We identified 14 studies evaluating the levels of IgG, and IgM antibodies [5, [29] [30] [31] [32] [33] [34] [35] [36] [37] [38] [39] [40] , one assessing the levels of IgG, IgM and IgA antibodies [7] , one the levels of IgG and IgA antibodies [41] , one the levels of IgG antibodies only [42] , and one the levels of IgM antibodies [43] . Also, we identified four rapid tests directed to the detection of antigenic structures (44) (45) (46) (47) and two for the detection of RNA [43, 48] .

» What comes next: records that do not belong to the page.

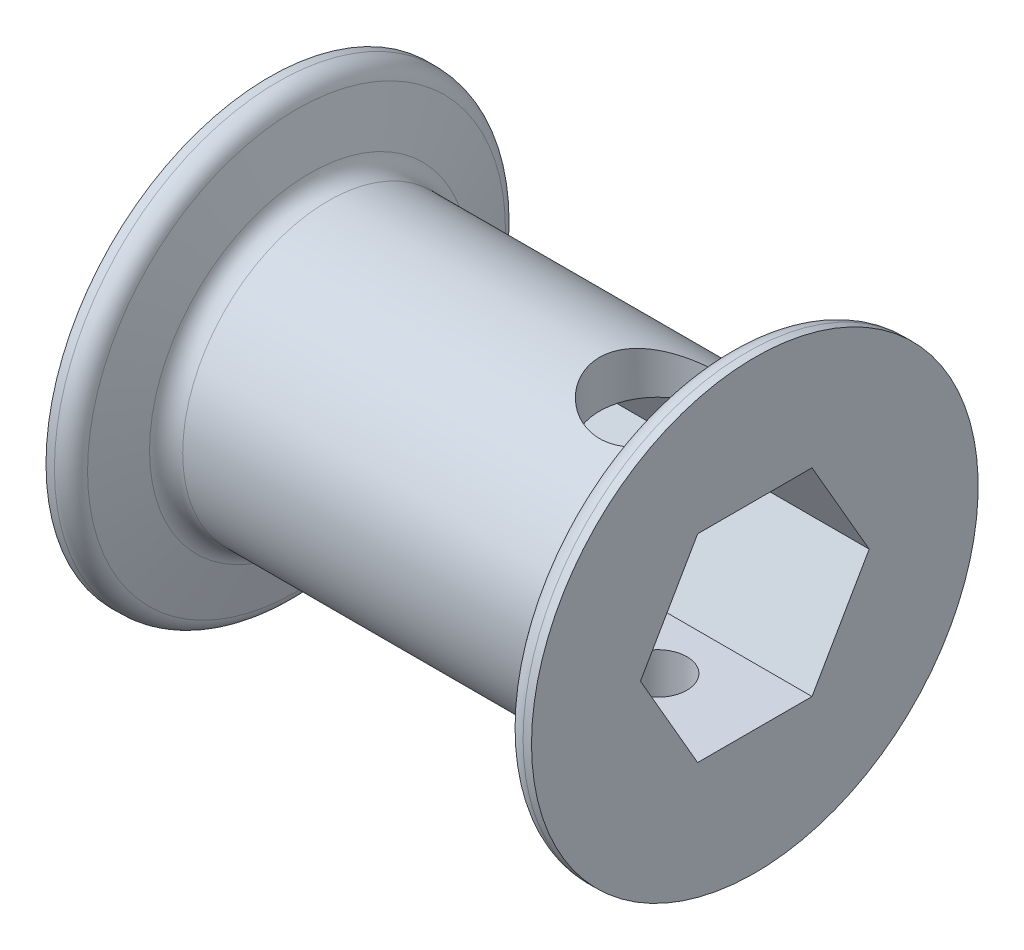
SolidWorks part; units mm, degrees
ref_plane "Front Plane" through (0, 0, 0) normal (0, 0, 1) x (1, 0, 0)
ref_plane "Top Plane" through (0, 0, 0) normal (0, 1, 0) x (1, 0, 0)
ref_plane "Right Plane" through (0, 0, 0) normal (1, 0, 0) x (0, 0, -1)
sketch "Sketch1" plane through (0, 0, 0) normal (0, 0, 1) x (1, 0, 0)
  line L0 (0, 0) -> (31.75, 0)
  line L1 (31.75, 0) -> (31.75, 14.605)
  line L2 (31.75, 14.605) -> (30.226, 14.605)
  line L3 (30.226, 14.605) -> (28.8648, 9.525)
  line L4 (28.8648, 9.525) -> (2.8852, 9.525)
  line L5 (2.8852, 9.525) -> (1.524, 14.605)
  line L6 (1.524, 14.605) -> (0, 14.605)
  line L7 (0, 14.605) -> (0, 0)
  line L8 (31.75, 0) -> (36.7691, 0) construction
  dimension "D1" = 31.75
  dimension "D2" = 5.08
  dimension "D3" = 5.08
  dimension "D4" = 19.05
  dimension "D5" = 15
  dimension "D6" = 1.524
revolve "Revolve1" add sketch "Sketch1" angle 360 about L8
sketch "Sketch2" plane through (0, 0, 0) normal (-1, 0, 0) x (0, 0, 1)
  line L0 (-14.605, 0) -> (14.605, 0) construction
  line L1 (7.479, 0) -> (3.7395, 6.477)
  line L2 (3.7395, 6.477) -> (-3.7395, 6.477)
  line L3 (-3.7395, 6.477) -> (-7.479, 0)
  line L4 (-7.479, 0) -> (-3.7395, -6.477)
  line L5 (-3.7395, -6.477) -> (3.7395, -6.477)
  line L6 (3.7395, -6.477) -> (7.479, 0)
  circle A0 centre (0, 0) radius 6.477 construction
  circle A2 centre (0, 0) radius 14.605 construction
  dimension "D1" = 12.954
  dimension "D2" = 7.126
extrude "Cut-Extrude1" cut sketch "Sketch2" against normal through all
fillet "Fillet1" radius 1.27 4 edges at (2.8852, 0, 9.525) (1.524, 0, 14.605) (30.226, 0, 14.605) (28.8648, 0, 9.525)
sketch "Sketch3" plane through (0, 0, 0) normal (0, 0, 1) x (1, 0, 0)
  line L6 (31.75, -14.605) -> (31.75, 14.605) construction
  line L12 (0, 0) -> (31.817, 0) construction
  line L13 (31.75, 14.605) -> (31.2005, 14.605) construction
  line L14 (31.2005, -14.605) -> (31.75, -14.605) construction
  line L15 (27.305, -14.605) -> (25.4, -14.605)
  line L16 (27.305, -14.605) -> (27.305, -0.0253)
  line L17 (25.4, -14.605) -> (25.4, 14.605)
  line L18 (29.21, -0.0253) -> (27.305, -0.0253)
  line L19 (25.4, 14.605) -> (25.4, 15.4744) construction
  line L20 (25.4, 14.605) -> (29.21, 14.605)
  line L21 (29.21, 14.605) -> (29.21, -0.0253)
  dimension "D1" = 7.62
  dimension "D2" = 3.81
  dimension "D3" = 6.35
  dimension "D4" = 0.0506
revolve "Cut-Revolve1" cut sketch "Sketch3" angle 360 about L19
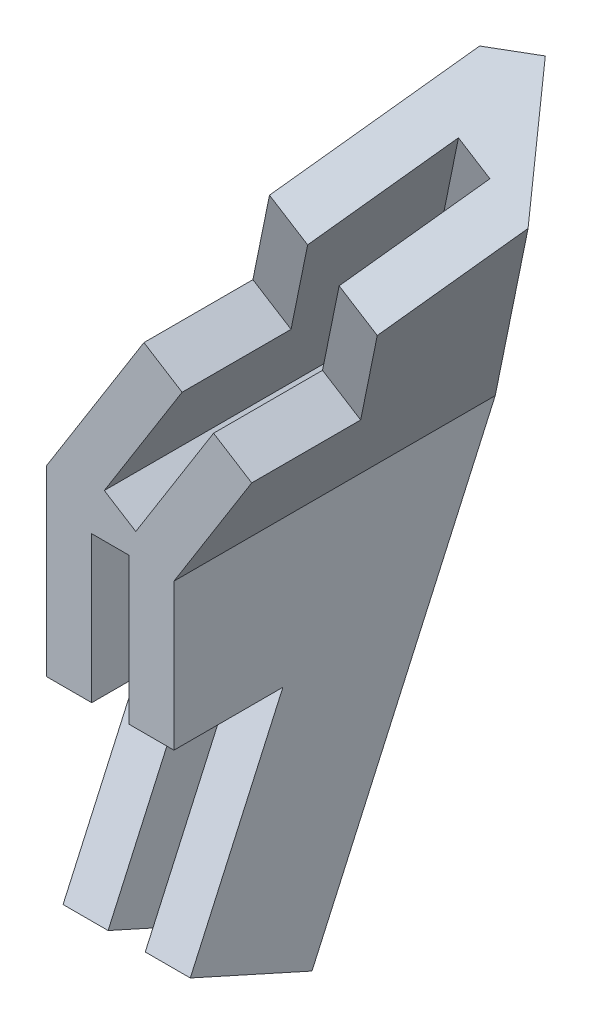
SolidWorks part; units mm, degrees
ref_plane "Front Plane" through (0, 0, 0) normal (0, 0, 1) x (1, 0, 0)
ref_plane "Top Plane" through (0, 0, 0) normal (0, 1, 0) x (1, 0, 0)
ref_plane "Right Plane" through (0, 0, 0) normal (1, 0, 0) x (0, 0, -1)
sketch "Sketch7" plane through (0, 0, 0) normal (0, 0, 1) x (1, 0, 0)
  line L0 (-1.7, -2) -> (-1.7, -15)
  line L1 (-1.7, -15) -> (-5.7, -15)
  line L2 (-5.7, -15) -> (-5.7, -2)
  line L3 (-5.7, -2) -> (-9, -2)
  line L4 (-9, -2) -> (-9, -15)
  line L5 (-9, -15) -> (-13, -15)
  line L7 (-13, -15) -> (-13, 1.2509)
  line L9 (-1.7, -2) -> (-13, 1.2509)
extrude "Boss-Extrude3" add sketch "Sketch7" along normal blind 30
sketch "Sketch11" plane through (-13, 0, 0) normal (-1, 0, 0) x (0, 0, 1)
  line L0 (0, 1.2509) -> (7.3231, -15)
  line L2 (30, -15) -> (0, -15) construction
  line L3 (7.3231, -15) -> (0, -15)
  line L4 (0, -15) -> (0, 1.2509)
extrude "Cut-Extrude1" cut sketch "Sketch11" against normal through all
sketch "Sketch12" plane through (0, -15, 0) normal (0, -1, 0) x (-1, 0, 0)
  line L0 (13, -7.3231) -> (9, -7.3231)
  line L1 (9, -7.3231) -> (9, -20.3231)
  line L2 (9, -30) -> (9, -7.3231) construction
  line L3 (13, -7.3231) -> (13, -20.3231)
  line L4 (13, -30) -> (13, -7.3231) construction
  line L5 (13, -20.3231) -> (9, -20.3231)
  line L6 (1.7, -7.3231) -> (1.7, -20.3231)
  line L7 (1.7, -30) -> (1.7, -7.3231) construction
  line L8 (1.7, -20.3231) -> (5.7, -20.3231)
  line L9 (5.7, -30) -> (5.7, -7.3231) construction
  line L10 (5.7, -20.3231) -> (5.7, -7.3231)
  line L11 (5.7, -7.3231) -> (1.7, -7.3231)
extrude "Boss-Extrude4" add sketch "Sketch12" along direction (0, 0.9117, -0.4108) on the side of the normal blind 30
sketch "Sketch18" plane through (0, -42.3512, 0) normal (0, -1, 0) x (-1, 0, 0)
  line L0 (1.7, -19.6483) -> (13, -19.6483)
  line L1 (13, -19.6483) -> (13, -8.3483)
  line L2 (1.7, -19.6483) -> (13, -8.3483)
  point P4 (0, 0)
  point P7 (0, 0)
  point P8 (0, 0)
  point P9 (13, -8.2679)
extrude "Boss-Extrude9" add sketch "Sketch18" along direction (0, 0.9117, -0.4108) on the side against the normal up to surface (44.259 mm away)
sketch "Sketch19" plane through (-13, 0, 0) normal (-1, 0, 0) x (0, 0, 1)
  line L0 (8.3483, -42.3512) -> (28.5467, -33.2493)
  line L1 (32.6483, -42.3512) -> (20.3231, -15) construction
  line L2 (28.5467, -33.2493) -> (32.6483, -42.3512)
  line L3 (32.6483, -42.3512) -> (8.3483, -42.3512)
extrude "Cut-Extrude3" cut sketch "Sketch19" against normal through all
sketch "Sketch20" plane through (0, -38.3298, 17.2724) normal (0, -0.9117, 0.4108) x (-1, 0, 0)
  line L0 (1.7, -0.5139) -> (10.0504, 7.0992) construction
  line L1 (13, 9.7884) -> (1.7, -0.5139) construction
  line L2 (10.0504, 7.0992) -> (13, 4.1492)
  line L3 (13, -12.3661) -> (13, 9.7884) construction
  line L4 (13, 4.1492) -> (13, 9.7884)
  line L5 (13, 9.7884) -> (10.0504, 7.0992)
  line L6 (13, 4.1492) -> (13, 9.7884)
  line M2 (13, -12.3661) -> (13, 9.7884)
  line M3 (13, 9.7884) -> (1.7, -0.5139)
extrude "Cut-Extrude4" cut sketch "Sketch20" against normal up to surface (45.2835 mm away) contours L2 M3 M2
mirror "Mirror3" about plane through (-1.7, -2, 30) normal (-0.2765, -0.961, 0) of bodies 132

Among the included studies, 18 reported the sensitivity of the test [5, 20, [28] [29] [30] [31] [32] [33] [34] [35] [36] [37] [38] [39] 43, [45] [46] [47] [48] [49] , and 14 reported the specificity [5, 29, 30, [34] [35] [36] [37] [38] 42, [44] [45] [46] [47] [48] . Figure 2 shows a graphical representation of the sensitivity and specificity of the analyzed tests. Only five studies provided information about the accuracy of the test [37, 43, [46] [47] [48] . Four studies [33, [40] [41] [42] performed tests to detect antibodies but did not reveal any of these parameters. Cross-reaction was assessed in three studies [20, 30, 44] , and different diseases were considered, such as mycoplasma, influenza, legionella, pneumophila, HIV, and chronic diseases. Only two studies evaluated cross-reaction for other coronaviruses [20, 30] .

Serological tests are an essential tool for diagnosing of COVID-19; however, there is uncertainty about the accuracy of the point-of-care (POC) and rapid diagnostic tests (RDT), that are currently available. We, therefore, aimed to analyze the scientific literature published in this area. Here, we overview of the rapid POC tests used to diagnose SARS-CoV-2 infection from 2,739 samples.

We identified 23 studies reporting on the use of POC tests and RDT for the diagnosis of COVID-19. We divided these studies into serological POC tests and RDT for detecting IgM and/or IgG antibodies against SARS-CoV-2 (Table 1) , and POC tests and RDT for direct detection SARS-CoV-2 ( Table 2 ). The reviewed studies used different quick diagnosis methods such as Lateral flow immunoassay (LFIA), chemiluminescence, enzyme-linked immunosorbent assay (ELISA), enzyme immunoassay (EIA), RT-LAMP, rRT-PCR, colloidal gold immunochromatography assay (GICA), and fluorescence assays.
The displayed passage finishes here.